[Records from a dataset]
◇ ◇ ◇ ◇ ◇

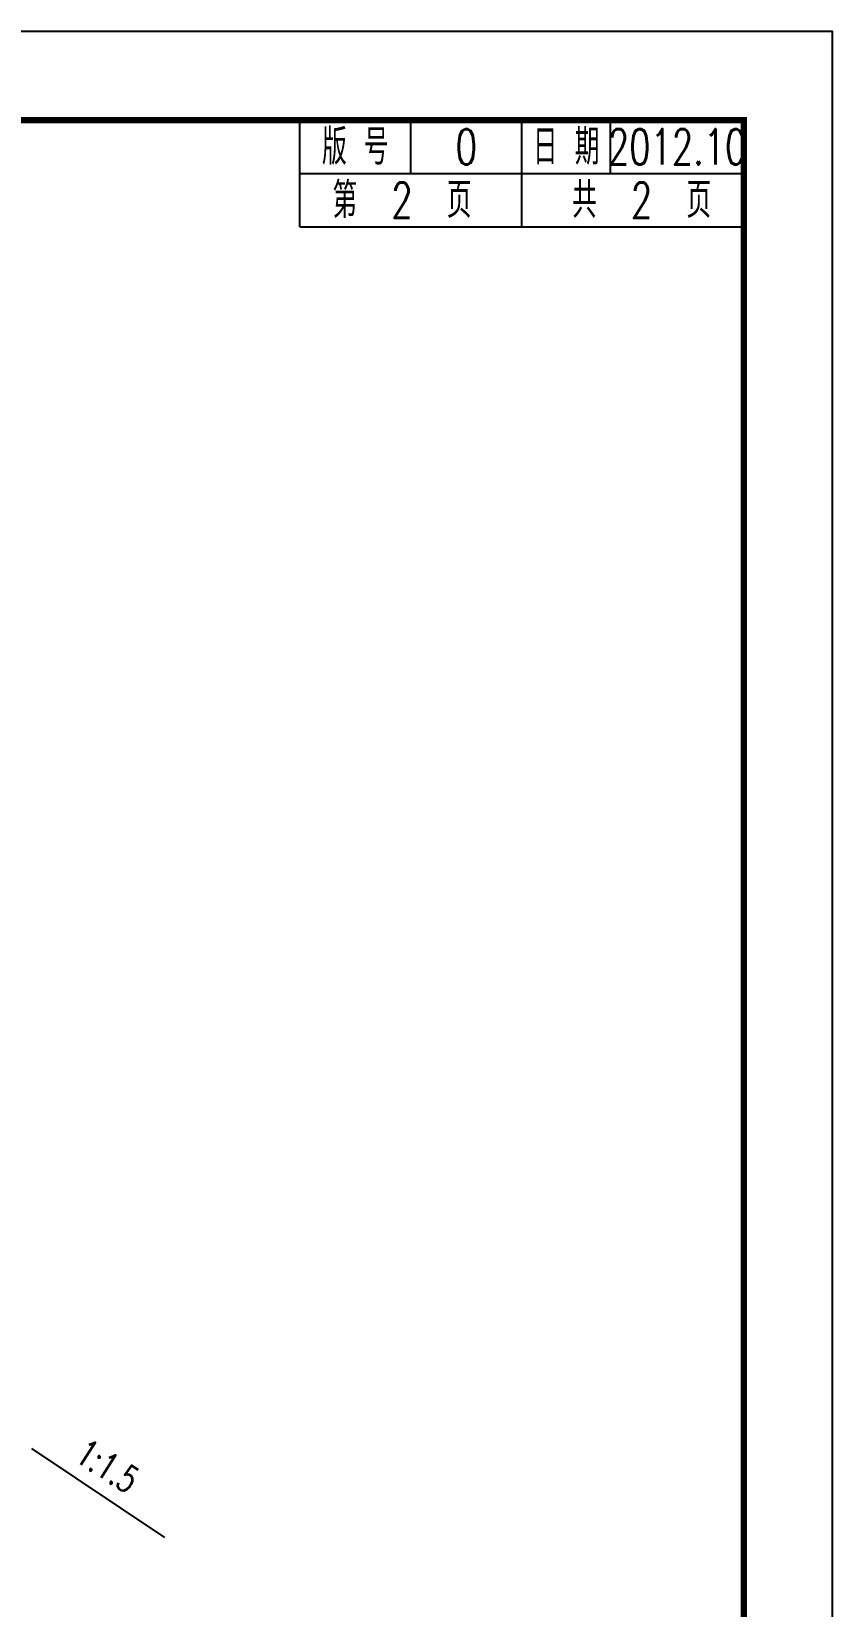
# Model space of a CAD drawing. Extents: x -1568 to -728, y -1287 to -990.
# Drawn here: x -818.4 to -728.2, y -1167.3 to -989.8 of the extents above; entities that cross this region are included whole.
import ezdxf
from ezdxf.enums import TextEntityAlignment as Align

# ---------------------------------------------------------------- set-up
doc = ezdxf.new("R2010")
doc.units = 0
doc.header["$LTSCALE"] = 5
doc.layers.get('0').update_dxf_attribs({"linetype": 'CONTINUOUS'})
doc.layers.add('图框', color=7, linetype='CONTINUOUS')
doc.layers.add('文字', color=7, linetype='CONTINUOUS')
doc.styles.get("Standard").update_dxf_attribs({"font": 'simplex1.shx', "width": 0.7, "bigfont": 'hztxt.shx'})

# ---------------------------------------------------------------- blocks, each defined once
blk = doc.blocks.new('series')
at = {"width": 0.75}
for tag, height, p in [('页码', 4, (-35, -19)), ('图名', 5, (-220, -282)), ('图号', 5, (-20, -282))]:
    blk.add_attdef(tag, text='', height=height, dxfattribs=at).set_placement(p, align=Align.MIDDLE_CENTER)

msp = doc.modelspace()

# ---------------------------------------------------------------- linework, layer by layer
msp.add_line((-818.43411, -1149.48535), (-803.43411, -1159.48535))
msp.add_lwpolyline([(-728.20035, -1286.82642), (-728.20035, -989.82642), (-1148.20035, -989.82642), (-1148.20035, -1286.82642)], close=True)
msp.add_lwpolyline([(-728.20035, -1286.82642), (-728.20035, -989.82642), (-1148.20035, -989.82642), (-1148.20035, -1286.82642)], close=True)
at = {"layer": '图框'}
for p, q in [((-788.20035, -1011.82642), (-788.20035, -999.82642)), ((-775.70035, -1005.82642), (-775.70035, -999.82642)), ((-763.20035, -1005.82642), (-763.20035, -999.82642)), ((-753.20035, -1005.82642), (-753.20035, -999.82642)), ((-788.20035, -1005.82642), (-738.20035, -1005.82642)), ((-763.20035, -1011.82642), (-763.20035, -1005.82642)), ((-788.20035, -1011.82642), (-738.20035, -1011.82642))]:
    msp.add_line(p, q, dxfattribs=at)
at = {"layer": '图框', "const_width": 0.7}
msp.add_lwpolyline([(-738.20035, -999.82642), (-1118.20035, -999.82642), (-1118.20035, -1276.82642), (-738.20035, -1276.82642), (-738.20035, -999.82642)], dxfattribs=at)

# ---------------------------------------------------------------- block references
at = {"layer": '图框'}
ref = msp.add_blockref('series', (-728.20035, -989.82642), dxfattribs=at)
ref.add_attrib('页码', '第  2  页     共  2  页', dxfattribs={"layer": '0', "height": 4, "width": 0.7}).set_placement((-763.20035, -1008.82642), align=Align.MIDDLE_CENTER)

# ---------------------------------------------------------------- texts
at = {"layer": '图框', "width": 0.7}
for s, p in [('版 号', (-781.95035, -1002.82642)), ('日 期', (-758.20035, -1002.82642)), ('0', (-769.45035, -1002.82642)), ('2012.10', (-745.70035, -1002.82642))]:
    msp.add_text(s, height=4, dxfattribs=at).set_placement(p, align=Align.MIDDLE_CENTER)
at = {"layer": '文字', "width": 0.7}
msp.add_text('1:1.5', height=3, rotation=327.4210436, dxfattribs=at).set_placement((-813.7126, -1150.77543))

doc.saveas('drawing.dxf')

◇ ◇ ◇ ◇ ◇

What you will do => If a line in the records contains the word "ezdxf", copy it.

Output for this task =>
import ezdxf
from ezdxf.enums import TextEntityAlignment as Align
doc = ezdxf.new("R2010")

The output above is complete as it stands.